Former state Assemblyman Paul Tonko (D) is set to formally enter the race to replace retiring Rep. Mike McNulty (D) with a speech this afternoon at the Albany Labor Temple.

Tonko will become the eighth Democrat in the race and will immediately leap to the head of the pack alongside Tracey Brooks, a former aide to Sen. Hillary Rodham Clinton (D), and Albany County Legislator Phil Steck (D).

Even before he formally entered the race, Tonko picked up the endorsement Monday of the Communications Workers of America, which hailed his record during two dozen years in the Legislature.

“We need leaders who will help rebuild our middle class and put our country back on the right track,” the union said in a statement. “Paul Tonko is that kind of leader.”

The Albany-area 21st district is almost certain to remain in the Democratic column this November.

Potential Self-Funder Wants to Oust Arcuri

Republicans finally got the candidate they wanted all along to challenge freshman Rep. Michael Arcuri (D). The question is whether businessman Richard Hanna (R) has entered the 24th district race too late.
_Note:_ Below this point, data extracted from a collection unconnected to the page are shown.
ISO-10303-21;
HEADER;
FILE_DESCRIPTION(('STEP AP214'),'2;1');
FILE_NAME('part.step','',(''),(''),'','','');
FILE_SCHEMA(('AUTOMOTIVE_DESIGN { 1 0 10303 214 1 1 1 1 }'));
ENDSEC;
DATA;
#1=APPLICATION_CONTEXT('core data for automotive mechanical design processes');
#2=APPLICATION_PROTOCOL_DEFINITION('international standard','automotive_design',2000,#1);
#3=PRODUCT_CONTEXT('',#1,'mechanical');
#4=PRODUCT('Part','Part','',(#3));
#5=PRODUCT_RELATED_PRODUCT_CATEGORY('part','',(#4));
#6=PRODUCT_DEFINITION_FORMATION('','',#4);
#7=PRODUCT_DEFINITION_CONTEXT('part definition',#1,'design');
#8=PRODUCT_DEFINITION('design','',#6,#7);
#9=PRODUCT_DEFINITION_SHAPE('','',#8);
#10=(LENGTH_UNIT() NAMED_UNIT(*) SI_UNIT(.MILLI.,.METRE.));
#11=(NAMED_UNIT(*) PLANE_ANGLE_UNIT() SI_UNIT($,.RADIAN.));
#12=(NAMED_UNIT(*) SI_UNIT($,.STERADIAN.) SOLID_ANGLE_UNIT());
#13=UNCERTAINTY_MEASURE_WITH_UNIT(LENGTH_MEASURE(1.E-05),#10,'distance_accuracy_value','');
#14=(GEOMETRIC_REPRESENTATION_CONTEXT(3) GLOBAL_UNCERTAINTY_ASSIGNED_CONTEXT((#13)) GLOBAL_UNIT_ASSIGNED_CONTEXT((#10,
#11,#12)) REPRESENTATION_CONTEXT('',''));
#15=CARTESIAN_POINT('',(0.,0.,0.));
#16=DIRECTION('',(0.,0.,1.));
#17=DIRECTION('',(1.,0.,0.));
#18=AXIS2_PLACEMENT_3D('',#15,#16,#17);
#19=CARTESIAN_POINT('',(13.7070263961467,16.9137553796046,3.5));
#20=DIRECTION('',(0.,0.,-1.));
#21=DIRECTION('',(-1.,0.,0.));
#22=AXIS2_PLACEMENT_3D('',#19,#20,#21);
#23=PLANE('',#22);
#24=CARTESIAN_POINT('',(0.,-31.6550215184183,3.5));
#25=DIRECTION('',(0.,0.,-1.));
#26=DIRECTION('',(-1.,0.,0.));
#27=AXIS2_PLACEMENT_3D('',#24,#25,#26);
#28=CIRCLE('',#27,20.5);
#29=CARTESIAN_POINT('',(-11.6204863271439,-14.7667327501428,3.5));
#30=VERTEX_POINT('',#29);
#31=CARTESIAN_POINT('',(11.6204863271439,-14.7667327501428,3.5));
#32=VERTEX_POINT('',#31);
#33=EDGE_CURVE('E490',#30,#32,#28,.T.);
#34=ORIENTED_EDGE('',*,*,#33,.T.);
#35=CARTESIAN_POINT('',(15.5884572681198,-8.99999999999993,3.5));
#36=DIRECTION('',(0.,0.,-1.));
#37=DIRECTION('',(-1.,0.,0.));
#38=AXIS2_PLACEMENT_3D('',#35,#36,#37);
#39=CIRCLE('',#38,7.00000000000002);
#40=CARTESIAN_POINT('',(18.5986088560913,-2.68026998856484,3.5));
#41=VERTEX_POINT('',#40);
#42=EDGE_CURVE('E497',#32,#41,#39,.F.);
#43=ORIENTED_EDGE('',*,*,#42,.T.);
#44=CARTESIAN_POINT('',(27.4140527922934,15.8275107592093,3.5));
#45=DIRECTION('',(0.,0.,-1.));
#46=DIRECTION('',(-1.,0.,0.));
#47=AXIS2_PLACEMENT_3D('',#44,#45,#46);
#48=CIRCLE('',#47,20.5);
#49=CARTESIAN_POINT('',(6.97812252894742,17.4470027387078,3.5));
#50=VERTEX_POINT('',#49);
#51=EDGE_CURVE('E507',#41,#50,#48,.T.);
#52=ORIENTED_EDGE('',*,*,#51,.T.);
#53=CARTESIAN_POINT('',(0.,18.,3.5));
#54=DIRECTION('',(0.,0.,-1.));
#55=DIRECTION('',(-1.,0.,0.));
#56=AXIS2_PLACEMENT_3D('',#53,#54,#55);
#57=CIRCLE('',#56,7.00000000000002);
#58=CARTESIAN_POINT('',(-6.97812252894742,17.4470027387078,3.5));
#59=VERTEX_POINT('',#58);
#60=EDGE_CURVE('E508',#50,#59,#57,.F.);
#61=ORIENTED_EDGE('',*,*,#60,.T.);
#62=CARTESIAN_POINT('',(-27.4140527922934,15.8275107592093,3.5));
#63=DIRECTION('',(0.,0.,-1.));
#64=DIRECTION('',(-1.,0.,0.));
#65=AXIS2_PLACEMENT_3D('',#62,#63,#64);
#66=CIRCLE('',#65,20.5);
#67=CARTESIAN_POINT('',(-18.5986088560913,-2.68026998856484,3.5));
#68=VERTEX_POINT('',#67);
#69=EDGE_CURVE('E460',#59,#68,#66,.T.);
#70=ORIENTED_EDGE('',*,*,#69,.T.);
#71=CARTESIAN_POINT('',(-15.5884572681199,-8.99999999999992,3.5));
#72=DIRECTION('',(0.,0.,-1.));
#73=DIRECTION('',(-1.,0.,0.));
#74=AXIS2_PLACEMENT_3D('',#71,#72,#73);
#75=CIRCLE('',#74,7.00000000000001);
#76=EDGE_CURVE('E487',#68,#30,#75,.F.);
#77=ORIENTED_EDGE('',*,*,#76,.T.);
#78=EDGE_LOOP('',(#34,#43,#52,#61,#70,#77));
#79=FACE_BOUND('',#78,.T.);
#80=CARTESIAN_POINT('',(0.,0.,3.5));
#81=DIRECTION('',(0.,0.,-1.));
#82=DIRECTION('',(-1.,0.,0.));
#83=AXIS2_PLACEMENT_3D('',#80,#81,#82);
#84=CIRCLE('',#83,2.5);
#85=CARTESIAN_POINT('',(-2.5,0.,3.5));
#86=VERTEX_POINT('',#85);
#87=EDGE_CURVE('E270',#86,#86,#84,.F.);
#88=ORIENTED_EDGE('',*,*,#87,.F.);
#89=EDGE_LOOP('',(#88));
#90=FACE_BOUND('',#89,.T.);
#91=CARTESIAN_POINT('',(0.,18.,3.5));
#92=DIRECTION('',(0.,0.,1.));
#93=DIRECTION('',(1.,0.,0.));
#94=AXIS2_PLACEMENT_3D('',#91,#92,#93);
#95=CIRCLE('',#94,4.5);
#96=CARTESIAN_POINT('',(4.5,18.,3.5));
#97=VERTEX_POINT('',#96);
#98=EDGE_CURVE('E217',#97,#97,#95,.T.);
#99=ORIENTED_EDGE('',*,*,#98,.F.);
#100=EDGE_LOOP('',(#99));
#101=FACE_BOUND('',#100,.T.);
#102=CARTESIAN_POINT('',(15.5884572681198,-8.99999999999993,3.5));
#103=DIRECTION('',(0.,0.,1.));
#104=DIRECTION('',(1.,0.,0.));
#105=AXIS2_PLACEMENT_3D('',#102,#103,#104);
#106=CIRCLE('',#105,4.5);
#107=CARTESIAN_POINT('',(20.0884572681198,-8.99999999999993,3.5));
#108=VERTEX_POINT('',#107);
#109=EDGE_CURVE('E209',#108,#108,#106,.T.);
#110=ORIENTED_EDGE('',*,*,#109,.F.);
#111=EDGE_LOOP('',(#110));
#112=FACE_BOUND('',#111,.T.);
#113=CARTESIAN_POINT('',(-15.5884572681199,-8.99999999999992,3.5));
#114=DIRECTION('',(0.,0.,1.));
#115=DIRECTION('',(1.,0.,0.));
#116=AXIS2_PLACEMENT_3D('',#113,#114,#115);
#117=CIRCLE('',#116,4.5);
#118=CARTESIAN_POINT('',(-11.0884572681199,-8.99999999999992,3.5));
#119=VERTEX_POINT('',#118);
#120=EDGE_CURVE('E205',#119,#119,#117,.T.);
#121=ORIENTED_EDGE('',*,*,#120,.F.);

Hanna, a construction company owner, formally announced his candidacy late last week and immediately tried to distance himself from the struggling GOP.

“I’m not running as a Republican,” he said, according to the Utica Observer-Dispatch. “I’m running as an independent businessman with an independent voice. I expect to appeal across party lines.”

Arcuri won a competitive race last cycle in a district with 35,000 more Republicans than Democrats (though there are 76,000 enrolled independents), and he closed March with $591,000 in the bank. Republicans are hoping that Hanna will be willing to at least partly self-fund his campaign, though he told the Observer-Dispatch he was not sure how much he is willing to spend.

“It is our hope we will be able to raise enough money,” Hanna said. “I think if someone’s messages are so bad that it’s not appealing or can’t find traction among constituents, that’s a sign maybe their message isn’t that good.”